Archive for March, 2009


March Madness

March has proven a crazy month. Between work, travel, and illness, I’ve had little time to write. However, I’ve been doing a lot watching and listening.

I’m baffled.

We seem to have lost our collective minds.

The country was so outraged over bonuses paid to AIG that Congress responded by proposing a 90% tax. Never mind that the Constitution frowns on singling out a select (small) group of people for legislative action (e.g, bill of attainder).

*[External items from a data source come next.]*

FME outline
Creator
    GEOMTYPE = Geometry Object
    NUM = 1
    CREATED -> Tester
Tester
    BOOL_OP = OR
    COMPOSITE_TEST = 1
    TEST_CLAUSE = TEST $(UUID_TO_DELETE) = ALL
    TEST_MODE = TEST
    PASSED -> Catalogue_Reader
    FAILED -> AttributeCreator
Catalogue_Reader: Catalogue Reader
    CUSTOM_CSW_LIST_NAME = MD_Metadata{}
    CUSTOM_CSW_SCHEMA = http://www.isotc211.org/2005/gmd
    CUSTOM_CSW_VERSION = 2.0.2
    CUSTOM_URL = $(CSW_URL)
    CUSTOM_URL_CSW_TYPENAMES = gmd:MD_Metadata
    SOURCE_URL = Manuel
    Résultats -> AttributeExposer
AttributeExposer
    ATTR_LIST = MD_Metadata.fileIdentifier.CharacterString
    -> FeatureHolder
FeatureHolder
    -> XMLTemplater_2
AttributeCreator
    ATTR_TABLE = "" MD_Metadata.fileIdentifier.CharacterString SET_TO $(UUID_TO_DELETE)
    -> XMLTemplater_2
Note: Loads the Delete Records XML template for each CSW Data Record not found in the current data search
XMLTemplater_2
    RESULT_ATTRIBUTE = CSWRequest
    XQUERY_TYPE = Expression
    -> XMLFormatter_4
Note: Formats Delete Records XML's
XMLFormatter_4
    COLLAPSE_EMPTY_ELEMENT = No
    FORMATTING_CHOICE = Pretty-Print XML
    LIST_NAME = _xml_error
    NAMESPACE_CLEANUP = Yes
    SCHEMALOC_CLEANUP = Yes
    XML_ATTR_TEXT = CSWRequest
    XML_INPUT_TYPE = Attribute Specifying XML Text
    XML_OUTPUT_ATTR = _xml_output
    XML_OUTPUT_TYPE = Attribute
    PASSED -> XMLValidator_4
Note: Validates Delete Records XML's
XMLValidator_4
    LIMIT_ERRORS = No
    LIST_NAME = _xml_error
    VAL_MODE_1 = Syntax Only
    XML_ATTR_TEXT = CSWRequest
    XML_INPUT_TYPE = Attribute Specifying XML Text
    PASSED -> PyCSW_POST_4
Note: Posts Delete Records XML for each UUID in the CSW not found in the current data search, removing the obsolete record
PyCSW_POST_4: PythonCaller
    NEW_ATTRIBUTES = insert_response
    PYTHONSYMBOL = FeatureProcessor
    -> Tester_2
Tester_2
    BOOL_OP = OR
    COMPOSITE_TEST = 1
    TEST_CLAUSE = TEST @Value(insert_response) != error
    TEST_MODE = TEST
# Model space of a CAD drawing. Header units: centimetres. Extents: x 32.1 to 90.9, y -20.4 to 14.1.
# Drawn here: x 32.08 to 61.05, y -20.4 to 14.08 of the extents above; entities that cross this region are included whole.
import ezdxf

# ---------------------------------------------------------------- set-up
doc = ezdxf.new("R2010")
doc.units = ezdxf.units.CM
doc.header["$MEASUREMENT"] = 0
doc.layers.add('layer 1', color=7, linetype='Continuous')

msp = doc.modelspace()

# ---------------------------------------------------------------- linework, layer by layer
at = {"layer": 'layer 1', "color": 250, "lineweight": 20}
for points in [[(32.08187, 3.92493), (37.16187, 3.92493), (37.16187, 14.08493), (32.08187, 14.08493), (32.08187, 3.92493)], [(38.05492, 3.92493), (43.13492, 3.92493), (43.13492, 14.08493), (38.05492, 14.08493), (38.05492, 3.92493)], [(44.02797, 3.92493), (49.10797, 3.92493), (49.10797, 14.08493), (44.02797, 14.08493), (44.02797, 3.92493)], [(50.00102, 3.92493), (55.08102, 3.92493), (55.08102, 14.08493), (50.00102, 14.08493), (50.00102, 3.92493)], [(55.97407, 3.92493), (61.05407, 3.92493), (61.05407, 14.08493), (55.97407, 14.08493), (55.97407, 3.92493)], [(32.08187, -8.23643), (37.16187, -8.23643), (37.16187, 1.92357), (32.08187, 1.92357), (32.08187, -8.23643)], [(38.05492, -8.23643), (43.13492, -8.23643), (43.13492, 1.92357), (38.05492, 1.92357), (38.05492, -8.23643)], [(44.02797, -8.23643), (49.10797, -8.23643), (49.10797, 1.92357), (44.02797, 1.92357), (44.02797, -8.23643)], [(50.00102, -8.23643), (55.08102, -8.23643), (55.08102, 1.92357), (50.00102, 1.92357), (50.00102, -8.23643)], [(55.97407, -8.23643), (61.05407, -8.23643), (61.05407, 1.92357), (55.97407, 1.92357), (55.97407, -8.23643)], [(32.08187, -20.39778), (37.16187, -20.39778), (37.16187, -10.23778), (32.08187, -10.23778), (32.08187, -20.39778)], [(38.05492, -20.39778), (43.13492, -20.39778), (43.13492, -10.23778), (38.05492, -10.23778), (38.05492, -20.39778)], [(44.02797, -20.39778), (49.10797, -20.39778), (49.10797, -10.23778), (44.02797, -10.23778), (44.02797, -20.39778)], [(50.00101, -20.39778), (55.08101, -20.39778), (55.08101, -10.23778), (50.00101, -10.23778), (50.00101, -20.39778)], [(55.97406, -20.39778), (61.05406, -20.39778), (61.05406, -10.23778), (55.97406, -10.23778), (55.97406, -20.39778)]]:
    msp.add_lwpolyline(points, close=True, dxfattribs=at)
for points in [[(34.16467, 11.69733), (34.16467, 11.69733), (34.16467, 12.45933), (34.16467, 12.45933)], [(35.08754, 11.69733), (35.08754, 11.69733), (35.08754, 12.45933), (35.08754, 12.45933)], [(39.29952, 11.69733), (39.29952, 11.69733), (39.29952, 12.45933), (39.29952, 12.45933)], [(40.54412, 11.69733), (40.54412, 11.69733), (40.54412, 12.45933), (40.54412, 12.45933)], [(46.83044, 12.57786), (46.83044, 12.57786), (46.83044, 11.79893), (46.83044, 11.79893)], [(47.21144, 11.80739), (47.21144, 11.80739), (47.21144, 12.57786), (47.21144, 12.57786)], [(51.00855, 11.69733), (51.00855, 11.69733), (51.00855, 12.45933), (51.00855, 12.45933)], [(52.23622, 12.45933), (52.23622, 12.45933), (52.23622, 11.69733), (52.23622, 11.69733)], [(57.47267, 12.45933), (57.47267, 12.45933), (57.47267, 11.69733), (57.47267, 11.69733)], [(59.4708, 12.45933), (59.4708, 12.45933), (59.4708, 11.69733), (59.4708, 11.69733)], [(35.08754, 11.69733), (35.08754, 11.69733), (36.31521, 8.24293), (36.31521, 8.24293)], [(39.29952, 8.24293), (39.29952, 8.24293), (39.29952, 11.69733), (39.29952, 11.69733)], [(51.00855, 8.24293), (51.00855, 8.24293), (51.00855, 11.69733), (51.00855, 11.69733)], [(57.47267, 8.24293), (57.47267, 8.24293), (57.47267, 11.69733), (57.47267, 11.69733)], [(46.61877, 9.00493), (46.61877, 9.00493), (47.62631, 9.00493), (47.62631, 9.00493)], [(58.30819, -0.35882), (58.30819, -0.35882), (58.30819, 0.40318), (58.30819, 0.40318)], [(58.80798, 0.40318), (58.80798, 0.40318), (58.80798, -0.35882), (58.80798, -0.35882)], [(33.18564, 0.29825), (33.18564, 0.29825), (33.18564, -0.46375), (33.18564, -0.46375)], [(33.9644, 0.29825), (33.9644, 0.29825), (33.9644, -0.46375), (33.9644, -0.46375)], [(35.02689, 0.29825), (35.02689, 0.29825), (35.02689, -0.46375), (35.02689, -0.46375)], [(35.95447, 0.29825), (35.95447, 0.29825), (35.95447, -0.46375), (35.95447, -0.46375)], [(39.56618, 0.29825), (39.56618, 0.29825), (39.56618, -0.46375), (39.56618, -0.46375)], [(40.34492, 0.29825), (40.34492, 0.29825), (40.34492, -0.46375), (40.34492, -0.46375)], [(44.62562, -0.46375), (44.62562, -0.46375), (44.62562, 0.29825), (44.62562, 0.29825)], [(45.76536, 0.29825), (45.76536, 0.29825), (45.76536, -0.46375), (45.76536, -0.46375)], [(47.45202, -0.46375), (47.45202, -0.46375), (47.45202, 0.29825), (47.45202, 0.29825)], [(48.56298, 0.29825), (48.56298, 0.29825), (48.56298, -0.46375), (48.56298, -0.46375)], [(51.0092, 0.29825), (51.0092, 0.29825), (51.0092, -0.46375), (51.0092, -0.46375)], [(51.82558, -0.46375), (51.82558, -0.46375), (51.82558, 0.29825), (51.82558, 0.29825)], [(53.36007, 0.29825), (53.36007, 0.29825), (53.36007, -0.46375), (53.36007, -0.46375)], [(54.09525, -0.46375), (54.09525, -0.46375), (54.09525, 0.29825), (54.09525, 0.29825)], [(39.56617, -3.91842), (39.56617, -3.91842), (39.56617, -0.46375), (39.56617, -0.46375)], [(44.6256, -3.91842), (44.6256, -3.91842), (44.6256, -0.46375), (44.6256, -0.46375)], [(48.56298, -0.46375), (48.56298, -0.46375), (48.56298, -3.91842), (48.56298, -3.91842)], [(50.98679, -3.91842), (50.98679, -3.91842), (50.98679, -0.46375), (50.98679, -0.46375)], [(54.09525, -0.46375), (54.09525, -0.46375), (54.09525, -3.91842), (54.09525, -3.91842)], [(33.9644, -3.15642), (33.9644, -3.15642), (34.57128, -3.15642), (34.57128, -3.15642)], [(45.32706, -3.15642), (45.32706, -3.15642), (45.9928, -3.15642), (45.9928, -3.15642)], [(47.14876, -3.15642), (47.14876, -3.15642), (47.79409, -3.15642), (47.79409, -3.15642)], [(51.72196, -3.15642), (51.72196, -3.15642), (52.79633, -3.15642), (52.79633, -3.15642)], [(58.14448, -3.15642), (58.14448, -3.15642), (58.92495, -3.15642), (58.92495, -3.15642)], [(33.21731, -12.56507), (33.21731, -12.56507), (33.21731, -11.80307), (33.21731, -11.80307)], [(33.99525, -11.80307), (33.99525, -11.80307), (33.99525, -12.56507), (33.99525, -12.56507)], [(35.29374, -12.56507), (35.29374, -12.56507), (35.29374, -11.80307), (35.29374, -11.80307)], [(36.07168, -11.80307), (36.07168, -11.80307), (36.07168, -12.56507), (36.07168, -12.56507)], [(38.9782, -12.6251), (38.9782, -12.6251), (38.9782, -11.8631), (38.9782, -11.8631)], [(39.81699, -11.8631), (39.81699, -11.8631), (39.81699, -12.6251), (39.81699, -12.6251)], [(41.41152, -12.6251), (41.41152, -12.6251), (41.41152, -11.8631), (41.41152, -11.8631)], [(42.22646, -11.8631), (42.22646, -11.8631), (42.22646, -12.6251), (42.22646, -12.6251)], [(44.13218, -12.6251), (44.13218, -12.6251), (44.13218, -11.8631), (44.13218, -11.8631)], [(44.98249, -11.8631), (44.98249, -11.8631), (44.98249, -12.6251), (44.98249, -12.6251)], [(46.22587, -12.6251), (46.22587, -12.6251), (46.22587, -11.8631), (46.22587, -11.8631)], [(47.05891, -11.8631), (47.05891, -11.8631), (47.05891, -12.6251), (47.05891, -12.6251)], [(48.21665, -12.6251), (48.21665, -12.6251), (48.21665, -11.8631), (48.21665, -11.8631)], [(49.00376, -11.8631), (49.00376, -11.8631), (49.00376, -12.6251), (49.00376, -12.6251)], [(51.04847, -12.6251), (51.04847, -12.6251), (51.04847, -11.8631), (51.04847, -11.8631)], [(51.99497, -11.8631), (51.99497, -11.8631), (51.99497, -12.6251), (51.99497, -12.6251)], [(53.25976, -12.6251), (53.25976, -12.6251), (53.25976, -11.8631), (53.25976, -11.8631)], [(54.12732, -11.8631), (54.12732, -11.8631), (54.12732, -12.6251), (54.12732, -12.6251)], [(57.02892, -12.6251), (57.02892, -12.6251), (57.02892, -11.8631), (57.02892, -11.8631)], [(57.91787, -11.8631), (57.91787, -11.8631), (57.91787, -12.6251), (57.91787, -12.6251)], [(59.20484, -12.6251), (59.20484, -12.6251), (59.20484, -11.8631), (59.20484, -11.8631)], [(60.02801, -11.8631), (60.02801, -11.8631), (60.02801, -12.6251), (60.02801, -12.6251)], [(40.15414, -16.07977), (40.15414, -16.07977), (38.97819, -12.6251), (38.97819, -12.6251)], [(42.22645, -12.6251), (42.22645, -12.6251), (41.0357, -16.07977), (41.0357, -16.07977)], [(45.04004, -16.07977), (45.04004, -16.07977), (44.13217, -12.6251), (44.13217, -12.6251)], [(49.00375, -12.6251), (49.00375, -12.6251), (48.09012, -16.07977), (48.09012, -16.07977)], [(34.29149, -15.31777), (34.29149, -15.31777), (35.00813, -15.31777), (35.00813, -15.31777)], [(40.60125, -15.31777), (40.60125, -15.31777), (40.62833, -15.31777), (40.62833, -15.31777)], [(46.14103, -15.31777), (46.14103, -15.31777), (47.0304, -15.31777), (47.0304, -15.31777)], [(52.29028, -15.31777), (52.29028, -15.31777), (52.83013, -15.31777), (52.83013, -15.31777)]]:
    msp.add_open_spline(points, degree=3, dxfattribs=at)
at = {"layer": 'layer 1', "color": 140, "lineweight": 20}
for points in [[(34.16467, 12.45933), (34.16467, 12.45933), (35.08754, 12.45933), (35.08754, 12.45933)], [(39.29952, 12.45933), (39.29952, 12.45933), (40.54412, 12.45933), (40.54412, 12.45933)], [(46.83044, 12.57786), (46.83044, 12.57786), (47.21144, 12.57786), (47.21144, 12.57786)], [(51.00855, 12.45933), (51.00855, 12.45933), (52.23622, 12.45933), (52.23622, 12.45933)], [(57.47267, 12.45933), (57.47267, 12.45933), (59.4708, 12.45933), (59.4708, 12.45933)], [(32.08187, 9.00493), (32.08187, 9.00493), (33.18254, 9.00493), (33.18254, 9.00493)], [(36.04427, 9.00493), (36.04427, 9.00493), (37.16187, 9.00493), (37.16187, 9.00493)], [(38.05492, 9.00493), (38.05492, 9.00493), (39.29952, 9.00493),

Critics of Treasury Secretary Tim Geithner were calling for his head after he’d been in office less than three months. These calls came despite the reality that few individuals could offer truly different alternatives and the consensus is that we won’t know of months, if not years, whether initiatives implemented to date will have the desired impact.

Pundits are posing the question of whether President Obama (and his family) suffer from overexposure. From appearing on Jay Leno to hosting a virtual town hall, Obama seems to be everywhere. So the question is asked, “Can he do all those things and his job, too?”

What we’ve overlooked through all this madness is our role.

Does it make sense that AIG executives who played a role in the current mess are receiving a bonus? Hardly, but when did we become a society that embraces the breaking of contracts? We also need to be careful what we wish for. If Congress proved willing to tax a selective group, what’s to keep them from doing so in the future at your expense versus the corporate bogeyman?

Tim Geithner, whether you agree with his policies or not, has undertaken a herculean task. In our 24-hour news cycle, he’s operating under circumstances that likely would have broken the New Deal before it was ever implemented. We also put unrealistic expectations on how a public official should handle himself. Do we want polished politicians whose expertise lies in sound bites or bureaucrats whose expertise lies in sound policy?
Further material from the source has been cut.